** Stored data entries **
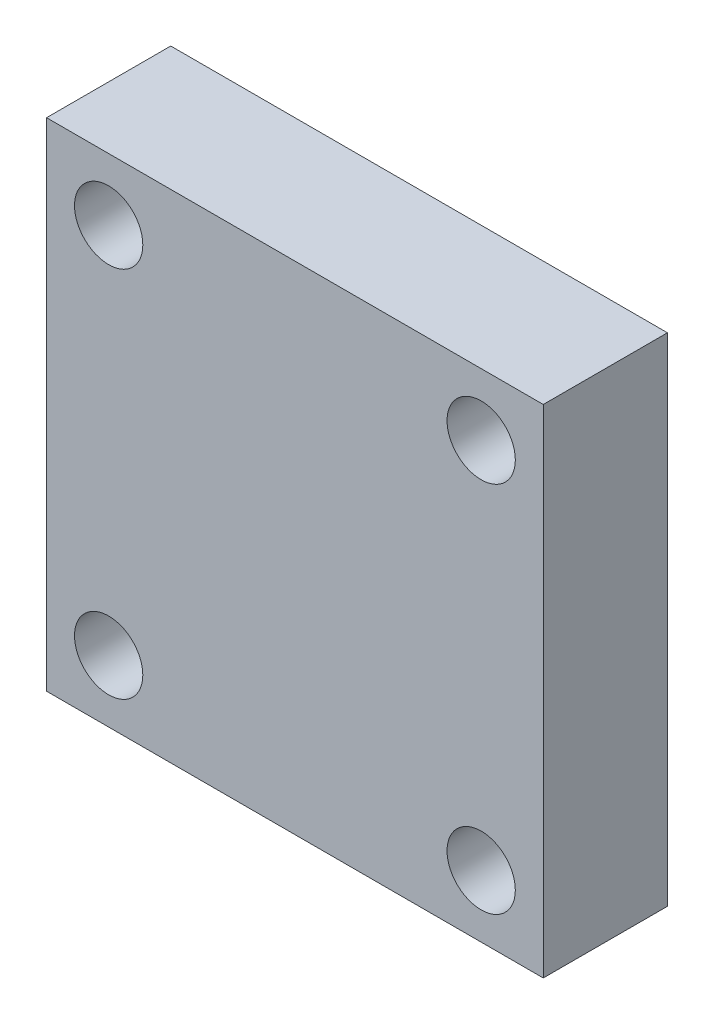
ISO-10303-21;
HEADER;
FILE_DESCRIPTION(('STEP AP214'),'2;1');
FILE_NAME('part.step','',(''),(''),'','','');
FILE_SCHEMA(('AUTOMOTIVE_DESIGN { 1 0 10303 214 1 1 1 1 }'));
ENDSEC;
DATA;
#1=APPLICATION_CONTEXT('core data for automotive mechanical design processes');
#2=APPLICATION_PROTOCOL_DEFINITION('international standard','automotive_design',2000,#1);
#3=PRODUCT_CONTEXT('',#1,'mechanical');
#4=PRODUCT('Part','Part','',(#3));
#5=PRODUCT_RELATED_PRODUCT_CATEGORY('part','',(#4));
#6=PRODUCT_DEFINITION_FORMATION('','',#4);
#7=PRODUCT_DEFINITION_CONTEXT('part definition',#1,'design');
#8=PRODUCT_DEFINITION('design','',#6,#7);
#9=PRODUCT_DEFINITION_SHAPE('','',#8);
#10=(LENGTH_UNIT() NAMED_UNIT(*) SI_UNIT(.MILLI.,.METRE.));
#11=(NAMED_UNIT(*) PLANE_ANGLE_UNIT() SI_UNIT($,.RADIAN.));
#12=(NAMED_UNIT(*) SI_UNIT($,.STERADIAN.) SOLID_ANGLE_UNIT());
#13=UNCERTAINTY_MEASURE_WITH_UNIT(LENGTH_MEASURE(1.E-05),#10,'distance_accuracy_value','');
#14=(GEOMETRIC_REPRESENTATION_CONTEXT(3) GLOBAL_UNCERTAINTY_ASSIGNED_CONTEXT((#13)) GLOBAL_UNIT_ASSIGNED_CONTEXT((#10,
#11,#12)) REPRESENTATION_CONTEXT('',''));
#15=CARTESIAN_POINT('',(0.,0.,0.));
#16=DIRECTION('',(0.,0.,1.));
#17=DIRECTION('',(1.,0.,0.));
#18=AXIS2_PLACEMENT_3D('',#15,#16,#17);
#19=CARTESIAN_POINT('',(0.,0.,10.));
#20=DIRECTION('',(0.,0.,-1.));
#21=DIRECTION('',(-1.,0.,0.));
#22=AXIS2_PLACEMENT_3D('',#19,#20,#21);
#23=PLANE('',#22);
#24=DIRECTION('',(0.,1.,0.));
#25=VECTOR('',#24,1.);
#26=CARTESIAN_POINT('',(20.,-20.,10.));
#27=LINE('',#26,#25);
#28=CARTESIAN_POINT('',(20.,-20.,10.));
#29=VERTEX_POINT('',#28);
#30=CARTESIAN_POINT('',(20.,20.,10.));
#31=VERTEX_POINT('',#30);
#32=EDGE_CURVE('E98',#29,#31,#27,.T.);
#33=ORIENTED_EDGE('',*,*,#32,.T.);
#34=DIRECTION('',(-1.,0.,0.));
#35=VECTOR('',#34,1.);
#36=CARTESIAN_POINT('',(-20.,20.,10.));
#37=LINE('',#36,#35);
#38=CARTESIAN_POINT('',(-20.,20.,10.));
#39=VERTEX_POINT('',#38);
#40=EDGE_CURVE('E93',#31,#39,#37,.T.);
#41=ORIENTED_EDGE('',*,*,#40,.T.);
#42=DIRECTION('',(0.,-1.,0.));
#43=VECTOR('',#42,1.);
#44=CARTESIAN_POINT('',(-20.,-20.,10.));
#45=LINE('',#44,#43);
#46=CARTESIAN_POINT('',(-20.,-20.,10.));
#47=VERTEX_POINT('',#46);
#48=EDGE_CURVE('E96',#39,#47,#45,.T.);
#49=ORIENTED_EDGE('',*,*,#48,.T.);
#50=DIRECTION('',(1.,0.,0.));
#51=VECTOR('',#50,1.);
#52=CARTESIAN_POINT('',(-20.,-20.,10.));
#53=LINE('',#52,#51);
#54=EDGE_CURVE('E63',#47,#29,#53,.T.);
#55=ORIENTED_EDGE('',*,*,#54,.T.);
#56=EDGE_LOOP('',(#33,#41,#49,#55));
#57=FACE_BOUND('',#56,.T.);
#58=CARTESIAN_POINT('',(-15.,-15.,10.));
#59=DIRECTION('',(0.,0.,1.));
#60=DIRECTION('',(1.,0.,0.));
#61=AXIS2_PLACEMENT_3D('',#58,#59,#60);
#62=CIRCLE('',#61,2.75);
#63=CARTESIAN_POINT('',(-12.25,-15.,10.));
#64=VERTEX_POINT('',#63);
#65=EDGE_CURVE('E118',#64,#64,#62,.T.);
#66=ORIENTED_EDGE('',*,*,#65,.F.);
#67=EDGE_LOOP('',(#66));
#68=FACE_BOUND('',#67,.T.);
#69=CARTESIAN_POINT('',(15.,-15.,10.));
#70=DIRECTION('',(0.,0.,1.));
#71=DIRECTION('',(1.,0.,0.));
#72=AXIS2_PLACEMENT_3D('',#69,#70,#71);
#73=CIRCLE('',#72,2.75);
#74=CARTESIAN_POINT('',(17.75,-15.,10.));
#75=VERTEX_POINT('',#74);
#76=EDGE_CURVE('E140',#75,#75,#73,.T.);
#77=ORIENTED_EDGE('',*,*,#76,.F.);
#78=EDGE_LOOP('',(#77));
#79=FACE_BOUND('',#78,.T.);
#80=CARTESIAN_POINT('',(15.,15.,10.));
#81=DIRECTION('',(0.,0.,1.));
#82=DIRECTION('',(1.,0.,0.));
#83=AXIS2_PLACEMENT_3D('',#80,#81,#82);
#84=CIRCLE('',#83,2.75);
#85=CARTESIAN_POINT('',(17.75,15.,10.));
#86=VERTEX_POINT('',#85);
#87=EDGE_CURVE('E148',#86,#86,#84,.T.);
#88=ORIENTED_EDGE('',*,*,#87,.F.);
#89=EDGE_LOOP('',(#88));
#90=FACE_BOUND('',#89,.T.);
#91=CARTESIAN_POINT('',(-15.,15.,10.));
#92=DIRECTION('',(0.,0.,1.));
#93=DIRECTION('',(1.,0.,0.));
#94=AXIS2_PLACEMENT_3D('',#91,#92,#93);
#95=CIRCLE('',#94,2.75);
#96=CARTESIAN_POINT('',(-12.25,15.,10.));
#97=VERTEX_POINT('',#96);
#98=EDGE_CURVE('E156',#97,#97,#95,.T.);
#99=ORIENTED_EDGE('',*,*,#98,.F.);
#100=EDGE_LOOP('',(#99));
#101=FACE_BOUND('',#100,.T.);
#102=ADVANCED_FACE('F45',(#57,#68,#79,#90,#101),#23,.F.);
#103=CARTESIAN_POINT('',(0.,0.,0.));
#104=DIRECTION('',(0.,0.,-1.));
#105=DIRECTION('',(-1.,0.,0.));
#106=AXIS2_PLACEMENT_3D('',#103,#104,#105);
#107=PLANE('',#106);
#108=CARTESIAN_POINT('',(15.,15.,0.));
#109=DIRECTION('',(0.,0.,1.));
#110=DIRECTION('',(1.,0.,0.));
#111=AXIS2_PLACEMENT_3D('',#108,#109,#110);
#112=CIRCLE('',#111,2.75);
#113=CARTESIAN_POINT('',(17.75,15.,0.));
#114=VERTEX_POINT('',#113);
#115=EDGE_CURVE('E152',#114,#114,#112,.T.);
#116=ORIENTED_EDGE('',*,*,#115,.T.);
#117=EDGE_LOOP('',(#116));
#118=FACE_BOUND('',#117,.T.);
#119=CARTESIAN_POINT('',(-15.,-15.,0.));
#120=DIRECTION('',(0.,0.,1.));
#121=DIRECTION('',(1.,0.,0.));
#122=AXIS2_PLACEMENT_3D('',#119,#120,#121);
#123=CIRCLE('',#122,2.75);
#124=CARTESIAN_POINT('',(-12.25,-15.,0.));
#125=VERTEX_POINT('',#124);
#126=EDGE_CURVE('E136',#125,#125,#123,.T.);
#127=ORIENTED_EDGE('',*,*,#126,.T.);
#128=EDGE_LOOP('',(#127));
#129=FACE_BOUND('',#128,.T.);
#130=DIRECTION('',(0.,1.,0.));
#131=VECTOR('',#130,1.);
#132=CARTESIAN_POINT('',(20.,-20.,0.));
#133=LINE('',#132,#131);
#134=CARTESIAN_POINT('',(20.,-20.,0.));
#135=VERTEX_POINT('',#134);
#136=CARTESIAN_POINT('',(20.,20.,0.));
#137=VERTEX_POINT('',#136);
#138=EDGE_CURVE('E114',#135,#137,#133,.T.);
#139=ORIENTED_EDGE('',*,*,#138,.F.);
#140=DIRECTION('',(1.,0.,0.));
#141=VECTOR('',#140,1.);
#142=CARTESIAN_POINT('',(-20.,-20.,0.));
#143=LINE('',#142,#141);
#144=CARTESIAN_POINT('',(-20.,-20.,0.));
#145=VERTEX_POINT('',#144);
#146=EDGE_CURVE('E86',#145,#135,#143,.T.);
#147=ORIENTED_EDGE('',*,*,#146,.F.);
#148=DIRECTION('',(0.,-1.,0.));
#149=VECTOR('',#148,1.);
#150=CARTESIAN_POINT('',(-20.,-20.,0.));
#151=LINE('',#150,#149);
#152=CARTESIAN_POINT('',(-20.,20.,0.));
#153=VERTEX_POINT('',#152);
#154=EDGE_CURVE('E80',#153,#145,#151,.T.);
#155=ORIENTED_EDGE('',*,*,#154,.F.);
#156=DIRECTION('',(-1.,0.,0.));
#157=VECTOR('',#156,1.);
#158=CARTESIAN_POINT('',(-20.,20.,0.));
#159=LINE('',#158,#157);
#160=EDGE_CURVE('E103',#137,#153,#159,.T.);
#161=ORIENTED_EDGE('',*,*,#160,.F.);
#162=EDGE_LOOP('',(#139,#147,#155,#161));
#163=FACE_BOUND('',#162,.T.);
#164=CARTESIAN_POINT('',(15.,-15.,0.));
#165=DIRECTION('',(0.,0.,1.));
#166=DIRECTION('',(1.,0.,0.));
#167=AXIS2_PLACEMENT_3D('',#164,#165,#166);
#168=CIRCLE('',#167,2.75);
#169=CARTESIAN_POINT('',(17.75,-15.,0.));
#170=VERTEX_POINT('',#169);
#171=EDGE_CURVE('E144',#170,#170,#168,.T.);
#172=ORIENTED_EDGE('',*,*,#171,.T.);
#173=EDGE_LOOP('',(#172));
#174=FACE_BOUND('',#173,.T.);
#175=CARTESIAN_POINT('',(-15.,15.,0.));
#176=DIRECTION('',(0.,0.,1.));
#177=DIRECTION('',(1.,0.,0.));
#178=AXIS2_PLACEMENT_3D('',#175,#176,#177);
#179=CIRCLE('',#178,2.75);
#180=CARTESIAN_POINT('',(-12.25,15.,0.));
#181=VERTEX_POINT('',#180);
#182=EDGE_CURVE('E160',#181,#181,#179,.T.);
#183=ORIENTED_EDGE('',*,*,#182,.T.);
#184=EDGE_LOOP('',(#183));
#185=FACE_BOUND('',#184,.T.);
#186=ADVANCED_FACE('F131',(#118,#129,#163,#174,#185),#107,.T.);
#187=CARTESIAN_POINT('',(20.,-20.,10.));
#188=DIRECTION('',(-1.,0.,0.));
#189=DIRECTION('',(0.,0.,1.));
#190=AXIS2_PLACEMENT_3D('',#187,#188,#189);
#191=PLANE('',#190);
#192=ORIENTED_EDGE('',*,*,#138,.T.);
#193=DIRECTION('',(0.,0.,-1.));
#194=VECTOR('',#193,1.);
#195=CARTESIAN_POINT('',(20.,20.,10.));
#196=LINE('',#195,#194);
#197=EDGE_CURVE('E11',#31,#137,#196,.T.);
#198=ORIENTED_EDGE('',*,*,#197,.F.);
#199=ORIENTED_EDGE('',*,*,#32,.F.);
#200=DIRECTION('',(0.,0.,-1.));
#201=VECTOR('',#200,1.);
#202=CARTESIAN_POINT('',(20.,-20.,10.));
#203=LINE('',#202,#201);
#204=EDGE_CURVE('E110',#29,#135,#203,.T.);
#205=ORIENTED_EDGE('',*,*,#204,.T.);
#206=EDGE_LOOP('',(#192,#198,#199,#205));
#207=FACE_BOUND('',#206,.T.);
#208=ADVANCED_FACE('F47',(#207),#191,.F.);
#209=CARTESIAN_POINT('',(-20.,20.,10.));
#210=DIRECTION('',(0.,-1.,0.));
#211=DIRECTION('',(0.,0.,-1.));
#212=AXIS2_PLACEMENT_3D('',#209,#210,#211);
#213=PLANE('',#212);
#214=ORIENTED_EDGE('',*,*,#160,.T.);
#215=DIRECTION('',(0.,0.,-1.));
#216=VECTOR('',#215,1.);
#217=CARTESIAN_POINT('',(-20.,20.,10.));
#218=LINE('',#217,#216);
#219=EDGE_CURVE('E55',#39,#153,#218,.T.);
#220=ORIENTED_EDGE('',*,*,#219,.F.);
#221=ORIENTED_EDGE('',*,*,#40,.F.);
#222=ORIENTED_EDGE('',*,*,#197,.T.);
#223=EDGE_LOOP('',(#214,#220,#221,#222));
#224=FACE_BOUND('',#223,.T.);
#225=ADVANCED_FACE('F102',(#224),#213,.F.);
#226=CARTESIAN_POINT('',(-20.,-20.,10.));
#227=DIRECTION('',(1.,0.,0.));
#228=DIRECTION('',(0.,0.,-1.));
#229=AXIS2_PLACEMENT_3D('',#226,#227,#228);
#230=PLANE('',#229);
#231=ORIENTED_EDGE('',*,*,#154,.T.);
#232=DIRECTION('',(0.,0.,-1.));
#233=VECTOR('',#232,1.);
#234=CARTESIAN_POINT('',(-20.,-20.,10.));
#235=LINE('',#234,#233);
#236=EDGE_CURVE('E105',#47,#145,#235,.T.);
#237=ORIENTED_EDGE('',*,*,#236,.F.);
#238=ORIENTED_EDGE('',*,*,#48,.F.);
#239=ORIENTED_EDGE('',*,*,#219,.T.);
#240=EDGE_LOOP('',(#231,#237,#238,#239));
#241=FACE_BOUND('',#240,.T.);
#242=ADVANCED_FACE('F106',(#241),#230,.F.);
#243=CARTESIAN_POINT('',(-20.,-20.,10.));
#244=DIRECTION('',(0.,1.,0.));
#245=DIRECTION('',(0.,0.,1.));
#246=AXIS2_PLACEMENT_3D('',#243,#244,#245);
#247=PLANE('',#246);
#248=ORIENTED_EDGE('',*,*,#146,.T.);
#249=ORIENTED_EDGE('',*,*,#204,.F.);
#250=ORIENTED_EDGE('',*,*,#54,.F.);
#251=ORIENTED_EDGE('',*,*,#236,.T.);
#252=EDGE_LOOP('',(#248,#249,#250,#251));
#253=FACE_BOUND('',#252,.T.);
#254=ADVANCED_FACE('F128',(#253),#247,.F.);
#255=CARTESIAN_POINT('',(-15.,-15.,10.));
#256=DIRECTION('',(0.,0.,-1.));
#257=DIRECTION('',(-1.,0.,0.));
#258=AXIS2_PLACEMENT_3D('',#255,#256,#257);
#259=CYLINDRICAL_SURFACE('',#258,2.75);
#260=ORIENTED_EDGE('',*,*,#65,.T.);
#261=EDGE_LOOP('',(#260));
#262=FACE_BOUND('',#261,.T.);
#263=ORIENTED_EDGE('',*,*,#126,.F.);
#264=EDGE_LOOP('',(#263));
#265=FACE_BOUND('',#264,.T.);
#266=ADVANCED_FACE('F179',(#262,#265),#259,.F.);
#267=CARTESIAN_POINT('',(15.,-15.,10.));
#268=DIRECTION('',(0.,0.,-1.));
#269=DIRECTION('',(-1.,0.,0.));
#270=AXIS2_PLACEMENT_3D('',#267,#268,#269);
#271=CYLINDRICAL_SURFACE('',#270,2.75);
#272=ORIENTED_EDGE('',*,*,#76,.T.);
#273=EDGE_LOOP('',(#272));
#274=FACE_BOUND('',#273,.T.);
#275=ORIENTED_EDGE('',*,*,#171,.F.);
#276=EDGE_LOOP('',(#275));
#277=FACE_BOUND('',#276,.T.);
#278=ADVANCED_FACE('F224',(#274,#277),#271,.F.);
#279=CARTESIAN_POINT('',(15.,15.,10.));
#280=DIRECTION('',(0.,0.,-1.));
#281=DIRECTION('',(-1.,0.,0.));
#282=AXIS2_PLACEMENT_3D('',#279,#280,#281);
#283=CYLINDRICAL_SURFACE('',#282,2.75);
#284=ORIENTED_EDGE('',*,*,#87,.T.);
#285=EDGE_LOOP('',(#284));
#286=FACE_BOUND('',#285,.T.);
#287=ORIENTED_EDGE('',*,*,#115,.F.);
#288=EDGE_LOOP('',(#287));
#289=FACE_BOUND('',#288,.T.);
#290=ADVANCED_FACE('F232',(#286,#289),#283,.F.);
#291=CARTESIAN_POINT('',(-15.,15.,10.));
#292=DIRECTION('',(0.,0.,-1.));
#293=DIRECTION('',(-1.,0.,0.));
#294=AXIS2_PLACEMENT_3D('',#291,#292,#293);
#295=CYLINDRICAL_SURFACE('',#294,2.75);
#296=ORIENTED_EDGE('',*,*,#98,.T.);
#297=EDGE_LOOP('',(#296));
#298=FACE_BOUND('',#297,.T.);
#299=ORIENTED_EDGE('',*,*,#182,.F.);
#300=EDGE_LOOP('',(#299));
#301=FACE_BOUND('',#300,.T.);
#302=ADVANCED_FACE('F168',(#298,#301),#295,.F.);
#303=CLOSED_SHELL('',(#102,#186,#208,#225,#242,#254,#266,#278,#290,#302));
#304=MANIFOLD_SOLID_BREP('B2',#303);
#305=ADVANCED_BREP_SHAPE_REPRESENTATION('',(#18,#304),#14);
#306=SHAPE_DEFINITION_REPRESENTATION(#9,#305);
ENDSEC;
END-ISO-10303-21;

** EXERCISE DIRECTIONS **
Using the records above, restate word for word the lines from the one with "#62=CIRCLE('',#61,2.75);" through the one with "#88=ORIENTED_EDGE('',*,*,#87,.F.);", both included.

** REPLY **
#62=CIRCLE('',#61,2.75);
#63=CARTESIAN_POINT('',(-12.25,-15.,10.));
#64=VERTEX_POINT('',#63);
#65=EDGE_CURVE('E118',#64,#64,#62,.T.);
#66=ORIENTED_EDGE('',*,*,#65,.F.);
#67=EDGE_LOOP('',(#66));
#68=FACE_BOUND('',#67,.T.);
#69=CARTESIAN_POINT('',(15.,-15.,10.));
#70=DIRECTION('',(0.,0.,1.));
#71=DIRECTION('',(1.,0.,0.));
#72=AXIS2_PLACEMENT_3D('',#69,#70,#71);
#73=CIRCLE('',#72,2.75);
#74=CARTESIAN_POINT('',(17.75,-15.,10.));
#75=VERTEX_POINT('',#74);
#76=EDGE_CURVE('E140',#75,#75,#73,.T.);
#77=ORIENTED_EDGE('',*,*,#76,.F.);
#78=EDGE_LOOP('',(#77));
#79=FACE_BOUND('',#78,.T.);
#80=CARTESIAN_POINT('',(15.,15.,10.));
#81=DIRECTION('',(0.,0.,1.));
#82=DIRECTION('',(1.,0.,0.));
#83=AXIS2_PLACEMENT_3D('',#80,#81,#82);
#84=CIRCLE('',#83,2.75);
#85=CARTESIAN_POINT('',(17.75,15.,10.));
#86=VERTEX_POINT('',#85);
#87=EDGE_CURVE('E148',#86,#86,#84,.T.);
#88=ORIENTED_EDGE('',*,*,#87,.F.);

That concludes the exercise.